Sewer squirrel smothered in gravy...

I hear banjos. Dinner time!


----------



## O.C. plumberman (Nov 21, 2008)

Looks like he had his hands up and was ready to surrender ........................:laughing:


----------



## plbgbiz (Aug 27, 2010)

Plumberman said:


> Sewer squirrel smothered in gravy...  I hear banjos. Dinner time!


Reminds me of Saturday nights on the bayou in Slidell. Loved hanging out down there on the little swing bridge next to the house I was staying at. Had a huge socket wrench that we used to swing the bridge whenever boats honked coming through.

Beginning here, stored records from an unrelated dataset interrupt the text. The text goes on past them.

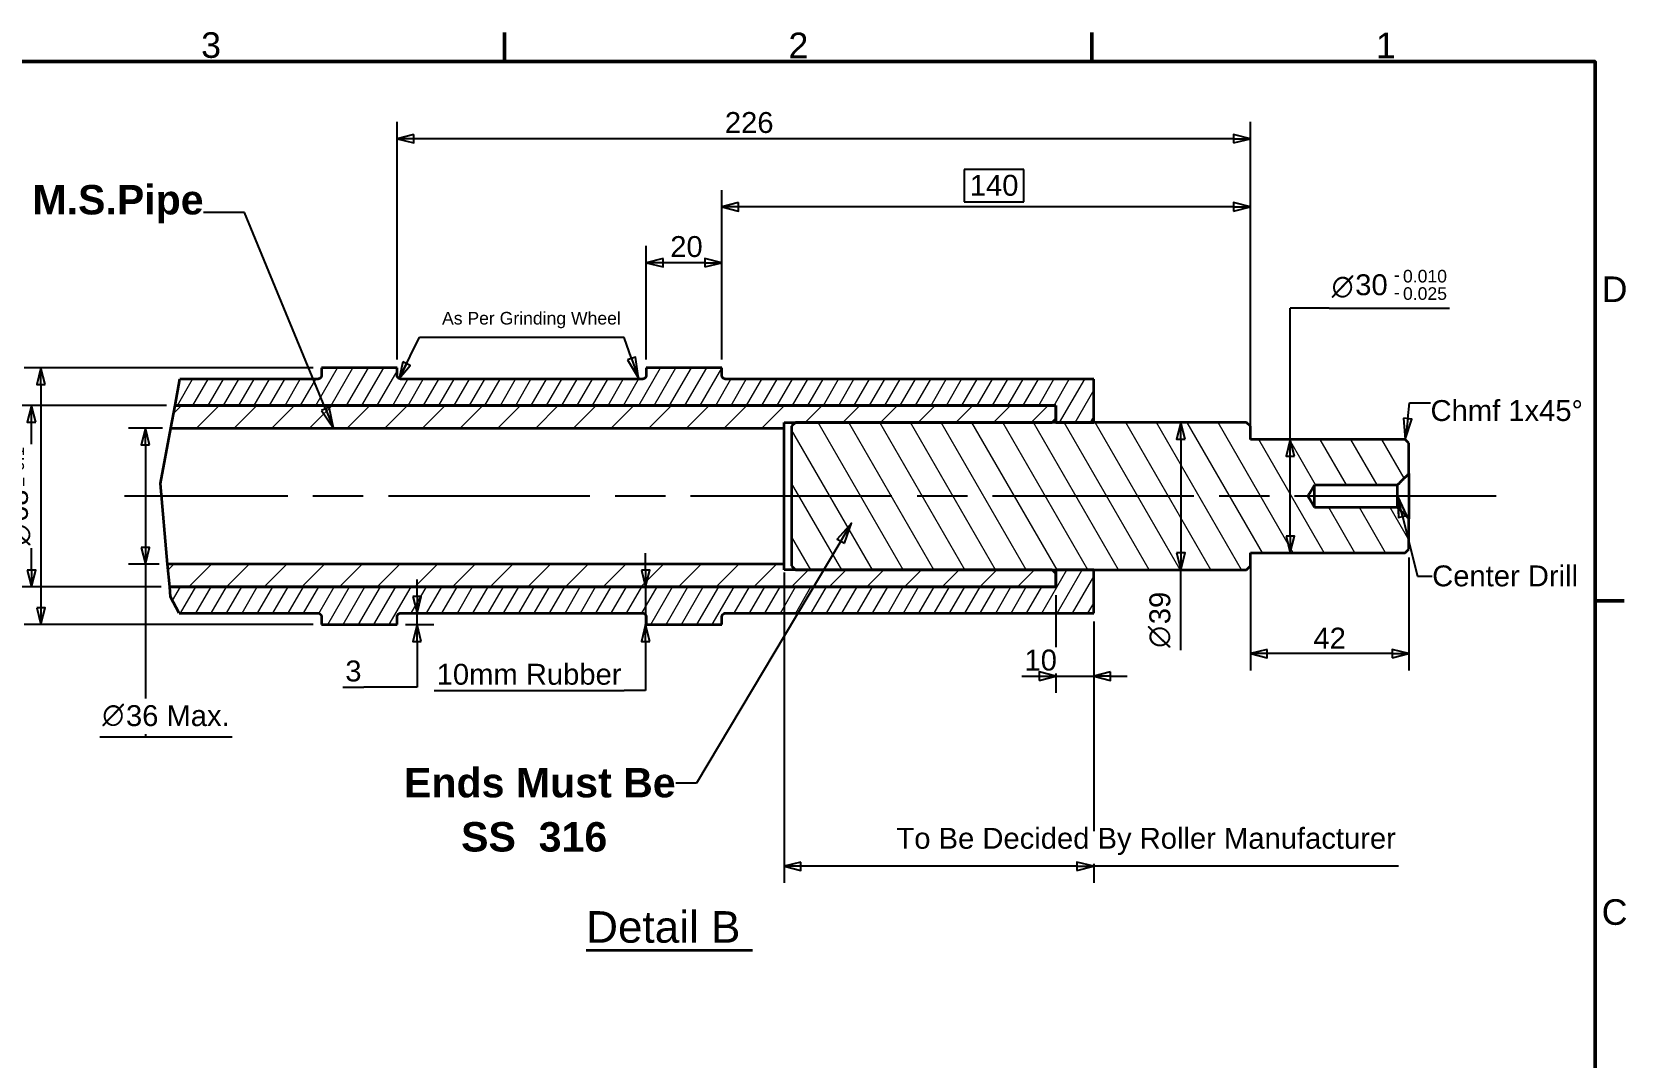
# Paper-space layout 'Drive Roller (Fix)' of a CAD drawing. Header units: millimetres. Extents: x -170 to 420, y 0 to 297.
# Drawn here: x 223.7 to 413.7, y 168.3 to 290.5 of the extents above; entities that cross this region are included whole.
import ezdxf

# ---------------------------------------------------------------- set-up
doc = ezdxf.new("R2010")
doc.units = ezdxf.units.MM
doc.linetypes.add('ACAD_ISO08W100', pattern=[36, 24, -3, 6, -3])
for name, color, linetype, lineweight in [('2dTransBorder', 7, 'Continuous', 35), ('Break Lines', 7, 'Continuous', 50), ('Centerline', 7, 'ACAD_ISO08W100', 25), ('Dimensions', 5, 'Continuous', 25), ('Hatch', 7, 'Continuous', 25), ('Leader Lines', 5, 'Continuous', 25), ('Visible Edges', 7, 'Continuous', 50)]:
    doc.layers.add(name, color=color, linetype=linetype, lineweight=lineweight)
doc.layers.add('Title', color=7, linetype='Continuous')
doc.styles.add('Current-ISO', font='ARIAL.TTF')
doc.styles.add('Text Style13', font='AIGDT___.TTF')
doc.styles.add('Text Style19', font='ARIAL.TTF')
doc.styles.add('Text Style20', font='ARIAL.TTF')
doc.styles.add('Text Style21', font='AIGDT___.TTF')
doc.styles.add('Text Style26', font='ARIALBD.TTF')
doc.styles.add('Text Style6', font='ARIAL.TTF')
pattern_1 = [(45, (0, 0), (-2.245064, 2.245064), [])]
pattern_2 = [(60, (0, 0), (-1.3748153, 0.79375), [])]

# ---------------------------------------------------------------- blocks, each defined once
blk = doc.blocks.new('2dTransSymbol4')
at = {"color": 179}
for points in [[(370.91, 216.96), (368.91, 216.46), (370.91, 215.96), (370.91, 216.96)], [(385.81, 215.96), (387.81, 216.46), (385.81, 216.96), (385.81, 215.96)]]:
    blk.add_solid(points, dxfattribs=at)
at = {"layer": 'Dimensions', "color": 179, "linetype": 'Continuous', "lineweight": 25, "true_color": 0x262659}
for p, q in [((368.91, 227.47), (368.91, 214.46)), ((387.81, 227.92), (387.81, 214.46)), ((370.91, 216.96), (368.91, 216.46)), ((370.91, 215.96), (370.91, 216.96)), ((387.81, 216.46), (385.81, 216.96)), ((385.81, 216.96), (385.81, 215.96)), ((370.91, 216.46), (368.91, 216.46)), ((368.91, 216.46), (370.91, 215.96)), ((385.81, 216.46), (370.91, 216.46)), ((385.81, 216.46), (387.81, 216.46)), ((385.81, 215.96), (387.81, 216.46))]:
    blk.add_line(p, q, dxfattribs=at)
for points in [[(370.91, 216.96), (368.91, 216.46), (370.91, 215.96), (370.91, 216.96)], [(385.81, 215.96), (387.81, 216.46), (385.81, 216.96), (385.81, 215.96)]]:
    blk.add_lwpolyline(points, dxfattribs=at)
at = {"layer": 'Dimensions', "linetype": 'Continuous', "lineweight": 25, "insert": (376.43, 217.06), "char_height": 2.489, "attachment_point": 7, "style": 'Text Style6'}
blk.add_mtext('42', dxfattribs=at)
blk = doc.blocks.new('2dTransSymbol5')
at = {"color": 179}
for points in [[(298.91, 263.54), (296.91, 263.04), (298.91, 262.54), (298.91, 263.54)], [(303.91, 262.54), (305.91, 263.04), (303.91, 263.54), (303.91, 262.54)]]:
    blk.add_solid(points, dxfattribs=at)
at = {"layer": 'Dimensions', "color": 179, "linetype": 'Continuous', "lineweight": 25, "true_color": 0x262659}
for p, q in [((296.91, 251.52), (296.91, 265.04)), ((305.91, 251.52), (305.91, 265.04)), ((298.91, 263.54), (296.91, 263.04)), ((298.91, 263.04), (296.91, 263.04)), ((296.91, 263.04), (298.91, 262.54)), ((298.91, 262.54), (298.91, 263.54)), ((303.91, 263.04), (298.91, 263.04)), ((305.91, 263.04), (303.91, 263.54)), ((303.91, 263.54), (303.91, 262.54)), ((303.91, 263.04), (305.91, 263.04)), ((303.91, 262.54), (305.91, 263.04))]:
    blk.add_line(p, q, dxfattribs=at)
for points in [[(298.91, 263.54), (296.91, 263.04), (298.91, 262.54), (298.91, 263.54)], [(303.91, 262.54), (305.91, 263.04), (303.91, 263.54), (303.91, 262.54)]]:
    blk.add_lwpolyline(points, dxfattribs=at)
at = {"layer": 'Dimensions', "linetype": 'Continuous', "lineweight": 25, "insert": (299.77, 263.68), "char_height": 2.489, "attachment_point": 7, "style": 'Text Style6'}
blk.add_mtext('20', dxfattribs=at)
blk = doc.blocks.new('2dTransSymbol6')
at = {"color": 179}
blk.add_solid([(267.89, 251.24), (267.46, 249.22), (268.79, 250.8), (267.89, 251.24)], dxfattribs=at)
at = {"layer": 'Dimensions', "color": 179, "linetype": 'Continuous', "lineweight": 25, "true_color": 0x262659}
for p, q in [((267.66, 249.62), (269.87, 254.18)), ((269.87, 254.18), (294.18, 254.18)), ((267.89, 251.24), (267.46, 249.22)), ((268.34, 251.02), (267.46, 249.22)), ((268.34, 251.02), (267.66, 249.62)), ((268.79, 250.8), (267.89, 251.24)), ((267.46, 249.22), (268.79, 250.8))]:
    blk.add_line(p, q, dxfattribs=at)
blk.add_lwpolyline([(267.89, 251.24), (267.46, 249.22), (268.79, 250.8), (267.89, 251.24)], dxfattribs=at)
at = {"layer": 'Dimensions', "color": 18, "linetype": 'Continuous', "lineweight": 25, "true_color": 0x000000, "insert": (272.57, 255.22), "char_height": 1.5, "attachment_point": 7, "style": 'Text Style20'}
blk.add_mtext('As Per Grinding Wheel', dxfattribs=at)
blk = doc.blocks.new('2dTransSymbol7')
at = {"color": 179}
for points in [[(225.26, 248.52), (224.76, 250.52), (224.26, 248.52), (225.26, 248.52)], [(224.26, 221.92), (224.76, 219.92), (225.26, 221.92), (224.26, 221.92)]]:
    blk.add_solid(points, dxfattribs=at)
at = {"layer": 'Dimensions', "color": 179, "linetype": 'Continuous', "lineweight": 25, "true_color": 0x262659}
for p, q in [((257.21, 250.52), (222.76, 250.52)), ((224.76, 250.52), (224.26, 248.52)), ((224.76, 248.52), (224.76, 250.52)), ((225.26, 248.52), (224.76, 250.52)), ((224.26, 248.52), (225.26, 248.52)), ((224.76, 248.52), (224.76, 221.92)), ((224.26, 221.92), (224.76, 219.92)), ((225.26, 221.92), (224.26, 221.92)), ((224.76, 221.92), (224.76, 219.92)), ((224.76, 219.92), (225.26, 221.92)), ((257.21, 219.92), (222.76, 219.92))]:
    blk.add_line(p, q, dxfattribs=at)
for points in [[(225.26, 248.52), (224.76, 250.52), (224.26, 248.52), (225.26, 248.52)], [(224.26, 221.92), (224.76, 219.92), (225.26, 221.92), (224.26, 221.92)]]:
    blk.add_lwpolyline(points, dxfattribs=at)
at = {"layer": 'Dimensions', "linetype": 'Continuous', "lineweight": 50, "insert": (222.77, 238.2), "char_height": 1.5, "attachment_point": 7, "rotation": 90, "style": 'Text Style20'}
blk.add_mtext('0.1', dxfattribs=at)
at = {"layer": 'Dimensions', "color": 18, "linetype": 'Continuous', "lineweight": 25, "true_color": 0x000000, "attachment_point": 7, "rotation": 90}
for s, insert, char_height, style in [('68', (223.25, 232.14), 2.489, 'Text Style6'), ('n', (223.54, 229.34), 2.5, 'Text Style13')]:
    blk.add_mtext(s, dxfattribs=dict(at, insert=insert, char_height=char_height, style=style))
at = {"layer": 'Dimensions', "color": 178, "linetype": 'Continuous', "lineweight": 50, "true_color": 0x000001, "insert": (222.77, 236.38), "char_height": 1.5, "attachment_point": 7, "rotation": 90, "style": 'Text Style21'}
blk.add_mtext('`', dxfattribs=at)
blk = doc.blocks.new('2dTransSymbol10')
at = {"color": 179}
for points in [[(307.91, 270.19), (305.91, 269.69), (307.91, 269.19), (307.91, 270.19)], [(366.91, 269.19), (368.91, 269.69), (366.91, 270.19), (366.91, 269.19)]]:
    blk.add_solid(points, dxfattribs=at)
at = {"layer": 'Dimensions', "color": 179, "linetype": 'Continuous', "lineweight": 25, "true_color": 0x262659}
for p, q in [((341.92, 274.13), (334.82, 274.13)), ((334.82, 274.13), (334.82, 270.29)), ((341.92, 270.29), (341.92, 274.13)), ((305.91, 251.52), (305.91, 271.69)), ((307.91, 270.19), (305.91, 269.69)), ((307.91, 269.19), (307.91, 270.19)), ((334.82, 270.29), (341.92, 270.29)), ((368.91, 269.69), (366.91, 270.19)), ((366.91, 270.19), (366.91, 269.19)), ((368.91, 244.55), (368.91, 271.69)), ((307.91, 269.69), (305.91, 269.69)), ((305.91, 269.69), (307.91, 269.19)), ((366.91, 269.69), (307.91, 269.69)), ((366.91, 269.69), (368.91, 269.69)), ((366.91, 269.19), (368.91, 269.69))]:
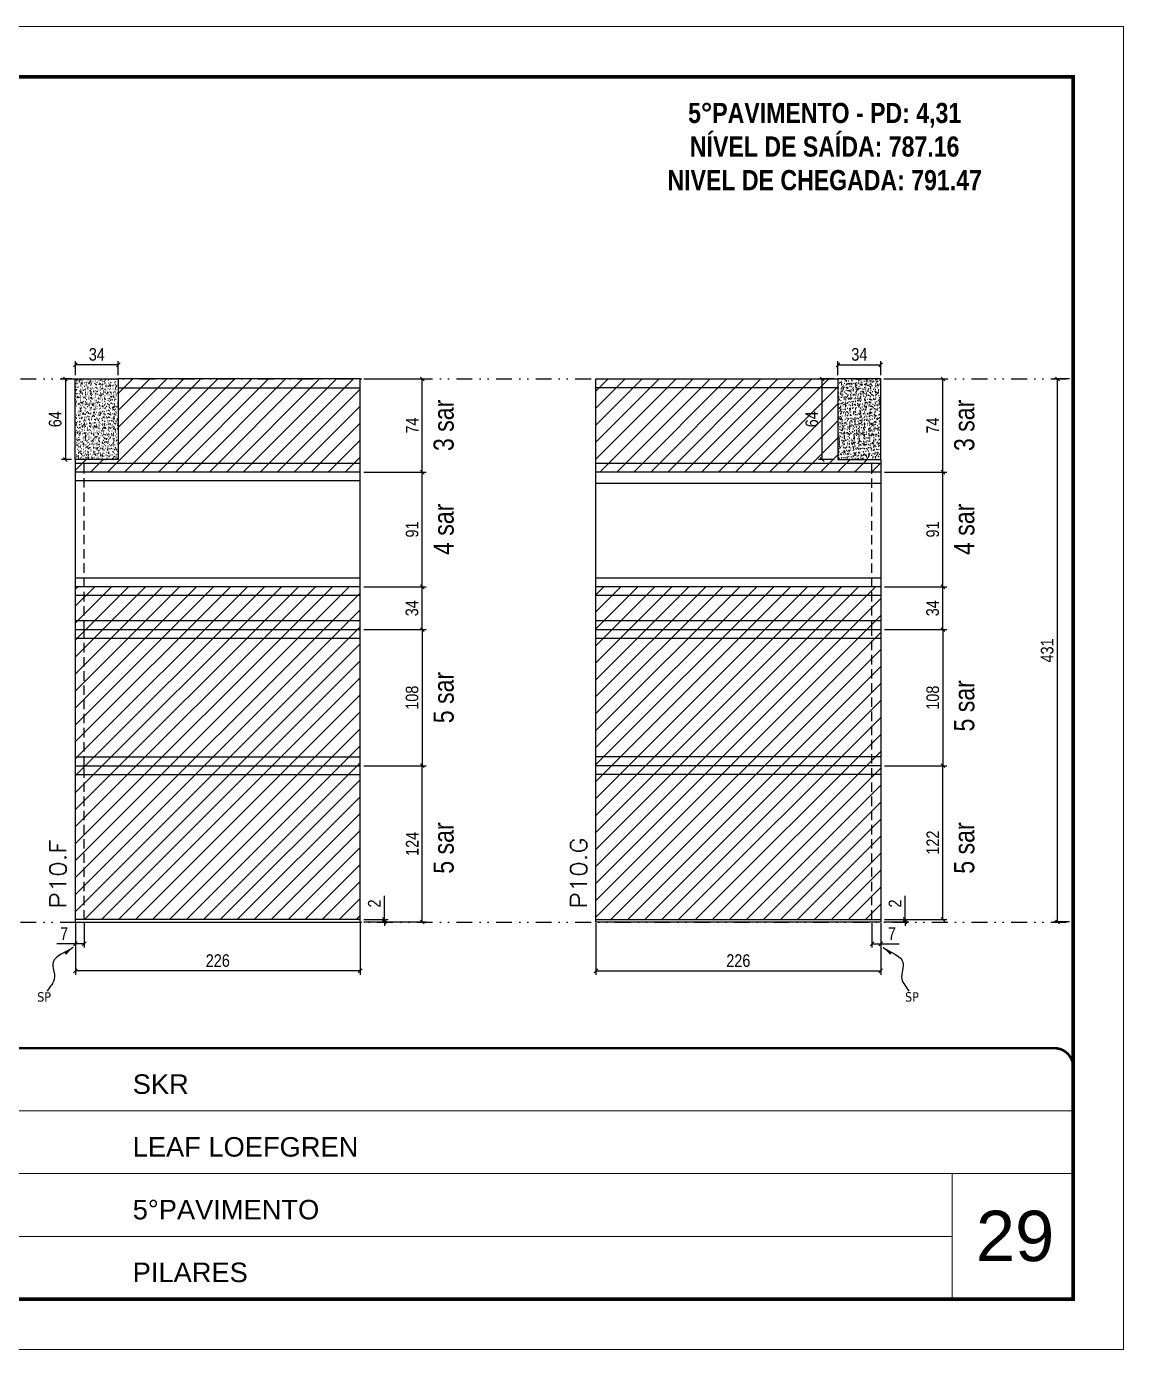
# Model space of a CAD drawing. Extents: x 14400 to 27878, y -21631 to 6985.
# Drawn here: x 15028 to 15898, y -2105 to -1055 of the extents above; entities that cross this region are included whole.
import ezdxf

# ---------------------------------------------------------------- set-up
doc = ezdxf.new("R2010")
doc.units = 0
for name, pattern in [('CONTINUO', [0]), ('DASHED', [0.75, 0.5, -0.25]), ('DIVIDE2', [0.625, 0.25, -0.125, 0, -0.125, 0, -0.125]), ('HIDDEN', [0.375, 0.25, -0.125])]:
    doc.linetypes.add(name, pattern=pattern)
for name, color, linetype, lineweight in [('CARIMBO', 255, 'Continuous', 9), ('Folhas', 255, 'Continuous', 9), ('Hachura', 251, 'Continuous', 9), ('SARRAFO DE PRESSAO', 251, 'DASHED', 9), ('Texto Seção', 7, 'Continuous', 15)]:
    doc.layers.add(name, color=color, linetype=linetype, lineweight=lineweight)
for name, color, linetype in [('COTA', 241, 'Continuous'), ('NOMENCLATURA', 7, 'Continuous'), ('Nível', 160, 'Continuous'), ('Painéis', 200, 'Continuous'), ('SARR_2.2x7', 40, 'Continuous'), ('Sarrafo de Pressão', 42, 'HIDDEN'), ('texto', 7, 'Continuous')]:
    doc.layers.add(name, color=color, linetype=linetype)
doc.styles.add('ARIAL', font='arial.ttf')
doc.styles.add('ARIAL_NARROW', font='ARIALN.TTF', dxfattribs={"height": 0.2})
doc.styles.add('COTA TECNICA', font='techl___.ttf', dxfattribs={"height": 10})
doc.styles.add('COTA TECNICA-50', font='techl___.ttf', dxfattribs={"height": 10})
doc.styles.add('REGUA-120', font='ROMANS.shx', dxfattribs={"height": 15})
doc.styles.add('ROMANC', font='techb___.ttf', dxfattribs={"height": 2.5})
doc.styles.get("Standard").update_dxf_attribs({"font": 'arial.ttf'})
doc.dimstyles.new('COTA PAINEL-50', dxfattribs={"dimtxt": 10, "dimasz": 3, "dimexe": 3, "dimexo": 3, "dimgap": 3, "dimtad": 1, "dimdec": 1, "dimzin": 12, "dimdsep": 46, "dimtxsty": 'COTA TECNICA-50', "dimblk1": 'OBLIQUE', "dimblk2": 'OBLIQUE', "dimsah": 1, "dimcen": 0.9, "dimclrd": 4, "dimclre": 4, "dimclrt": 240, "dimadec": 1, "dimazin": 3, "dimtfac": 1, "dimtdec": 1, "dimtmove": 0, "dimatfit": 3, "dimfxl": 1, "dimtolj": 1, "dimtzin": 12, "dimarcsym": 0})
doc.dimstyles.new('PAINEL', dxfattribs={"dimtxt": 10, "dimasz": 3, "dimexe": 3, "dimexo": 3, "dimgap": 3, "dimtad": 1, "dimdec": 1, "dimzin": 12, "dimdsep": 46, "dimtxsty": 'COTA TECNICA', "dimblk1": 'OBLIQUE', "dimblk2": 'OBLIQUE', "dimsah": 1, "dimcen": 0.9, "dimclrd": 4, "dimclre": 4, "dimclrt": 240, "dimadec": 1, "dimazin": 3, "dimtfac": 1, "dimtdec": 1, "dimtmove": 0, "dimatfit": 3, "dimfxl": 1, "dimtolj": 1, "dimtzin": 12, "dimarcsym": 0})
doc.dimstyles.get("Standard").update_dxf_attribs({"dimtxt": 0.18, "dimasz": 0.18, "dimexe": 0.18, "dimexo": 0.0625, "dimgap": 0.09, "dimtad": 0, "dimtih": 1, "dimtoh": 1, "dimdec": 4, "dimzin": 0, "dimdsep": 46, "dimtxsty": 'Standard', "dimcen": 0.09, "dimadec": 0, "dimazin": 0, "dimtfac": 1, "dimtdec": 4, "dimtofl": 0, "dimtmove": 0, "dimatfit": 3, "dimfxl": 1, "dimtolj": 1, "dimtzin": 0, "dimarcsym": 0})

# ---------------------------------------------------------------- blocks, each defined once
blk = doc.blocks.new('9999999999')
at = {"color": 30, "linetype": 'CONTINUO'}
for p, q in [((98564.6, 34379.6), (99584, 34379.6)), ((98564.6, 34329.8), (99488, 34329.8)), ((99584, 34329.8), (99488, 34329.8)), ((99488, 34329.8), (99488, 34230.2)), ((98564.6, 34280), (99488, 34280))]:
    blk.add_line(p, q, dxfattribs=at)
at = {"color": 30, "linetype": 'CONTINUO', "const_width": 2}
blk.add_lwpolyline([(99584, 34230.2), (99584, 34414.4, 0.414214), (99569, 34429.4), (98229, 34429.4, 0.414214), (98214, 34414.4), (98214, 34245.2, 0.414214), (98229, 34230.2), (99584, 34230.2)], format="xyb", dxfattribs=at)
at = {"layer": 'Folhas'}
blk.add_lwpolyline([(98139, 34190.2), (99624, 34190.2), (99624, 35240.2), (98139, 35240.2)], close=True, dxfattribs=at)
at = {"layer": 'Folhas', "color": 30, "const_width": 3}
blk.add_lwpolyline([(98214, 34230.2), (99584, 34230.2), (99584, 35200.2), (98214, 35200.2)], close=True, dxfattribs=at)
at = {"color": 7, "linetype": 'Continuous', "ltscale": 5, "style": 'ARIAL'}
for s, height, p in [('SKR', 15.48, (98837.7, 34393.1)), ('LEAF LOEFGREN', 15.483, (98837.7, 34343.3)), ('5°PAVIMENTO', 15.483, (98837.7, 34293.5)), ('PILARES', 15.48, (98837.7, 34243.7))]:
    blk.add_text(s, height=height, dxfattribs=at).set_placement(p)
blk = doc.blocks.new('_Oblique')
at = {"color": 0, "linetype": 'ByBlock', "lineweight": -2}
blk.add_line((-0.5, -0.5), (0.5, 0.5), dxfattribs=at)
blk = doc.blocks.new('*D1007')
at = {"layer": 'COTA', "color": 4, "lineweight": -2, "transparency": 16777216}
for p, q in [((15066.7, -1767), (15066.7, -1807.8)), ((15292.7, -1767), (15292.7, -1807.8)), ((15292.7, -1804.8), (15066.7, -1804.8))]:
    blk.add_line(p, q, dxfattribs=at)
at = {"layer": 'Defpoints', "color": 0, "transparency": 16777216}
for p in [(15066.7, -1764), (15292.7, -1764), (15066.7, -1804.8)]:
    blk.add_point(p, dxfattribs=at)
at = {"layer": 'COTA', "color": 4, "lineweight": -2, "transparency": 16777216, "xscale": 3, "yscale": 3, "zscale": 3, "rotation": 180}
blk.add_blockref('_Oblique', (15066.7, -1804.8), dxfattribs=at)
at = {"layer": 'COTA', "color": 4, "lineweight": -2, "transparency": 16777216, "xscale": 3, "yscale": 3, "zscale": 3}
blk.add_blockref('_Oblique', (15292.7, -1804.8), dxfattribs=at)
at = {"layer": 'COTA', "color": 240, "transparency": 16777216, "insert": (15179.7, -1796.7), "char_height": 10, "attachment_point": 5, "style": 'COTA TECNICA'}
blk.add_mtext('\\A1;226', dxfattribs=at)
blk = doc.blocks.new('*D1008')
at = {"layer": 'COTA', "color": 4, "lineweight": -2, "transparency": 16777216}
for p, q in [((15066.7, -1769), (15066.7, -1786.3)), ((15073.7, -1767), (15073.7, -1786.3)), ((15066.7, -1783.3), (15051.9, -1783.3)), ((15073.7, -1783.3), (15066.7, -1783.3))]:
    blk.add_line(p, q, dxfattribs=at)
at = {"layer": 'Defpoints', "color": 0, "transparency": 16777216}
for p in [(15066.7, -1766), (15073.7, -1764), (15066.7, -1783.3)]:
    blk.add_point(p, dxfattribs=at)
at = {"layer": 'COTA', "color": 4, "lineweight": -2, "transparency": 16777216, "xscale": 3, "yscale": 3, "zscale": 3, "rotation": 180}
blk.add_blockref('_Oblique', (15066.7, -1783.3), dxfattribs=at)
at = {"layer": 'COTA', "color": 4, "lineweight": -2, "transparency": 16777216, "xscale": 3, "yscale": 3, "zscale": 3}
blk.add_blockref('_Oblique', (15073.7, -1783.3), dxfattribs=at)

Rule #1: Don't ask what's in the gumbo.

Fun times in my youth.


----------



## Plumberman (Jul 7, 2008)

plbgbiz said:


> Reminds me of Saturday nights on the bayou in Slidell. Loved hanging out down there on the little swing bridge next to the house I was staying at. Had a huge socket wrench that we used to swing the bridge whenever boats honked coming through.
> 
> Rule #1: Don't ask what's in the gumbo.
> 
> Fun times in my youth.


Mystery gumbo is the best...

If it flies, it swims, or it walks and isn't a human it gets eaten down here.

I'm sure the last has happened too... But that gumbo sure was good! 

Lol


----------



## wyrickmech (Mar 16, 2013)

BBQ opossum is pretty good if you know how to cook it. I really could go for some shrimp gumbo right now.


----------